Reach into the melting pot that is the U.S. military by adding veterans to your pipeline or to your founding team. Vets are trained to be leaders. Many cities and regions across the country boast veteran-based groups with initiatives that support vet-entrepreneurship.

Related: 5 Ways to Recruit Rock-Star Employees on a Budget

4. Boldly showcase the success of diverse founders

Success begets success. Share the results of your hard work via social channels, public relations plans and networking events. As the community recognizes the impact, new opportunities to tie into diverse groups will pop up.

Take a cue from the NVCA and start measuring and reporting the representation of women and minorities to drive more business success. For entrepreneurs, put the data in your reports to investors. For venture capitalists — report your own diversity stats and require that your portfolio companies do the same.

Related: 3 Key Ways to Evolve Workplace Diversity

5. Investors play a role in fueling startup diversity.
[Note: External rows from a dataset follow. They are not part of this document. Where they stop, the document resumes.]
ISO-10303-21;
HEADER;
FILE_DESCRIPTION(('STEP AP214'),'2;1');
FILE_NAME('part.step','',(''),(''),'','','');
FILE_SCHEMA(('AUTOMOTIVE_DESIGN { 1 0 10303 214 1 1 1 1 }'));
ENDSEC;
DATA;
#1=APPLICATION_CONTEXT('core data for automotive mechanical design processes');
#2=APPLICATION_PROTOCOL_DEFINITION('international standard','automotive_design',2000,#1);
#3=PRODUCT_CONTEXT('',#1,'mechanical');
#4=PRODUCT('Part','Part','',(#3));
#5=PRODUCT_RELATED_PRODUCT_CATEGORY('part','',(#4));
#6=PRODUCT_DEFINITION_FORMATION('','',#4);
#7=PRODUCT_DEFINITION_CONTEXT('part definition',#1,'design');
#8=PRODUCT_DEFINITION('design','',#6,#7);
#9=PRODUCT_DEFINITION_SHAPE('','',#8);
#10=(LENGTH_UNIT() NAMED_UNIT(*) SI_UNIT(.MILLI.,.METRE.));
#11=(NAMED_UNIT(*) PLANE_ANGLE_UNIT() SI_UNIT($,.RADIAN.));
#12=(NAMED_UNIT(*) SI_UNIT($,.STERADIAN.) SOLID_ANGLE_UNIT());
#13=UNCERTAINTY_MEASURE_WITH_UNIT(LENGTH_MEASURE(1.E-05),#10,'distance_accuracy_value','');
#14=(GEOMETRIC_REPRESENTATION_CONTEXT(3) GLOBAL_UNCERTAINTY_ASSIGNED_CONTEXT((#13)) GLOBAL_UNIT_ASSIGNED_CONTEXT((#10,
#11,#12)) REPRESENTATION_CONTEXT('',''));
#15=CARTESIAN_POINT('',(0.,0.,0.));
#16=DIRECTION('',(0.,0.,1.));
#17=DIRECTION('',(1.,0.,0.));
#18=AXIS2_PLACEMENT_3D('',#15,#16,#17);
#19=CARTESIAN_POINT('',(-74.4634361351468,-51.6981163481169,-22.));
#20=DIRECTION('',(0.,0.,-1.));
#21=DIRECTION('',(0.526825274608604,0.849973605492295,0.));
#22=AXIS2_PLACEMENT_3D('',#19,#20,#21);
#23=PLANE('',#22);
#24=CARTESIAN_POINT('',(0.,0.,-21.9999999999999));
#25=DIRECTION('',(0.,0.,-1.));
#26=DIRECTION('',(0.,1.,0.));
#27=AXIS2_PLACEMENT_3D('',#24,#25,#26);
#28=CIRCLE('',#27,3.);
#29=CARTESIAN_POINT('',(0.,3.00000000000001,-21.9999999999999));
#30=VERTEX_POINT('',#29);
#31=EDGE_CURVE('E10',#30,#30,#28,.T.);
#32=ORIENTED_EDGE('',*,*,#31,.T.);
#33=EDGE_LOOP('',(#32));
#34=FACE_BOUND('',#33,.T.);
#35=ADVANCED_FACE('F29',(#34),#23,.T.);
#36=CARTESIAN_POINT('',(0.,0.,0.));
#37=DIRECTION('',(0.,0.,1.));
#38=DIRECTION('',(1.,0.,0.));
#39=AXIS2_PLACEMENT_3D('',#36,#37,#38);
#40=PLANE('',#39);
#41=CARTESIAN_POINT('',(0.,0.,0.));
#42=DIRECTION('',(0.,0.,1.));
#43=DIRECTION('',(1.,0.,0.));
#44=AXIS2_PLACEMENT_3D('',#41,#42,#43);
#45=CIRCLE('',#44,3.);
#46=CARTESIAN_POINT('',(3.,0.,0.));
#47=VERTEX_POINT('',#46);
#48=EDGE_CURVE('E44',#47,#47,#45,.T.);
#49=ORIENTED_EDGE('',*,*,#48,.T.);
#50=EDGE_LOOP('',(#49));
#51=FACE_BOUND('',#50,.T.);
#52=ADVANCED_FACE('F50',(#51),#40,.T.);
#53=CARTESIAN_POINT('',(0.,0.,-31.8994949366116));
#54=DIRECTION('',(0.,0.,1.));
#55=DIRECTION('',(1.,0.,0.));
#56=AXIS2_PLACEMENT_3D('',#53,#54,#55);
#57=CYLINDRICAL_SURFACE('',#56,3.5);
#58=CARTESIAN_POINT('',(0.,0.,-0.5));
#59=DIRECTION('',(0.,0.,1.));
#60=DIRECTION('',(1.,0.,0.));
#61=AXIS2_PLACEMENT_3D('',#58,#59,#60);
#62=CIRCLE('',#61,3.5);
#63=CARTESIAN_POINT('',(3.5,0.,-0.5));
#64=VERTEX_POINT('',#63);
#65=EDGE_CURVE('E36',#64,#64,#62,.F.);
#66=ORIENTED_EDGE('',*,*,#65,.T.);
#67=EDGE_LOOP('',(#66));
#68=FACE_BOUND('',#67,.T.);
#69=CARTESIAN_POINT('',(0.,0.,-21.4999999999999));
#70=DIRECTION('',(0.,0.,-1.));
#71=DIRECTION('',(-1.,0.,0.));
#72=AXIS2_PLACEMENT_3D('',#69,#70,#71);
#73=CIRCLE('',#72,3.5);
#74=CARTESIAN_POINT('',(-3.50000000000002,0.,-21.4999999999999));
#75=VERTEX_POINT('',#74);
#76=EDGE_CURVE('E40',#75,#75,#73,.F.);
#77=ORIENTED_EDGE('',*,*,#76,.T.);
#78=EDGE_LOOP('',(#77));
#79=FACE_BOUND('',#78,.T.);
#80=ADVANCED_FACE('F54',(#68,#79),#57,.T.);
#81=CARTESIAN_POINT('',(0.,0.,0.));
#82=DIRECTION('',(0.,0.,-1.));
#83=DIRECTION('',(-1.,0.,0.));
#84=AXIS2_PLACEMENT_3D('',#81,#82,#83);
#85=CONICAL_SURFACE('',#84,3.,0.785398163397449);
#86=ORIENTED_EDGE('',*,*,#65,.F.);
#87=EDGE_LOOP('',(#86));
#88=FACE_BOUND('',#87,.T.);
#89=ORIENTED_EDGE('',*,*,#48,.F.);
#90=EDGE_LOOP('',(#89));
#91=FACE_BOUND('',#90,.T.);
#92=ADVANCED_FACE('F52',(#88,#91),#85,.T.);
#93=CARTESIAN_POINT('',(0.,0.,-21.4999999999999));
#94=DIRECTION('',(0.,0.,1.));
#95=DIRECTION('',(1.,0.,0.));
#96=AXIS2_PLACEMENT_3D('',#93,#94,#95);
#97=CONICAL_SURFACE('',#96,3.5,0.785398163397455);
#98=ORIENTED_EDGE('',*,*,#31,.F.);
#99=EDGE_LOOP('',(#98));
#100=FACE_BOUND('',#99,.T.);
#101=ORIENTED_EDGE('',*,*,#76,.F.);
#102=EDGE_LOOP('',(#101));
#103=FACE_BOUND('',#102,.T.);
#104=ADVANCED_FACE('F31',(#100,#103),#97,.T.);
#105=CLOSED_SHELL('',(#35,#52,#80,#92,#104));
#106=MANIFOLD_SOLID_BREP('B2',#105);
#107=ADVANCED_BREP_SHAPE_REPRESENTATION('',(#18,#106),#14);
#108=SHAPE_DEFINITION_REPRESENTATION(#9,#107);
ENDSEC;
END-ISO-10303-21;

Venture capitalists and angel investors can help eliminate selection bias that often seeps into the deal flow process by making market validation the cornerstone of every deal. Create a streamlined, repeatable and transparent method for selecting companies for due diligence.

Rather than a subjective process that is influenced by who you know or who you look like,  create a transparent, data-driven process that lets the market speak. Assess startups and entrepreneurs based on their success at validating their ideas with potential customers.

A more inclusive, high-growth startup community and ecosystem doesn’t happen from the top down. A committed and concerted, grassroots effort by the entrepreneurs and investors who have the most to gain by drawing in and motivating under-represented talent can have an incredible impact at every point along the startup path.

Diverse companies exceed industry standards. Racially and ethnically diverse companies are 35 percent more likely to outperform industry norms, and gender-diverse companies are 15 percent more likely to outperform.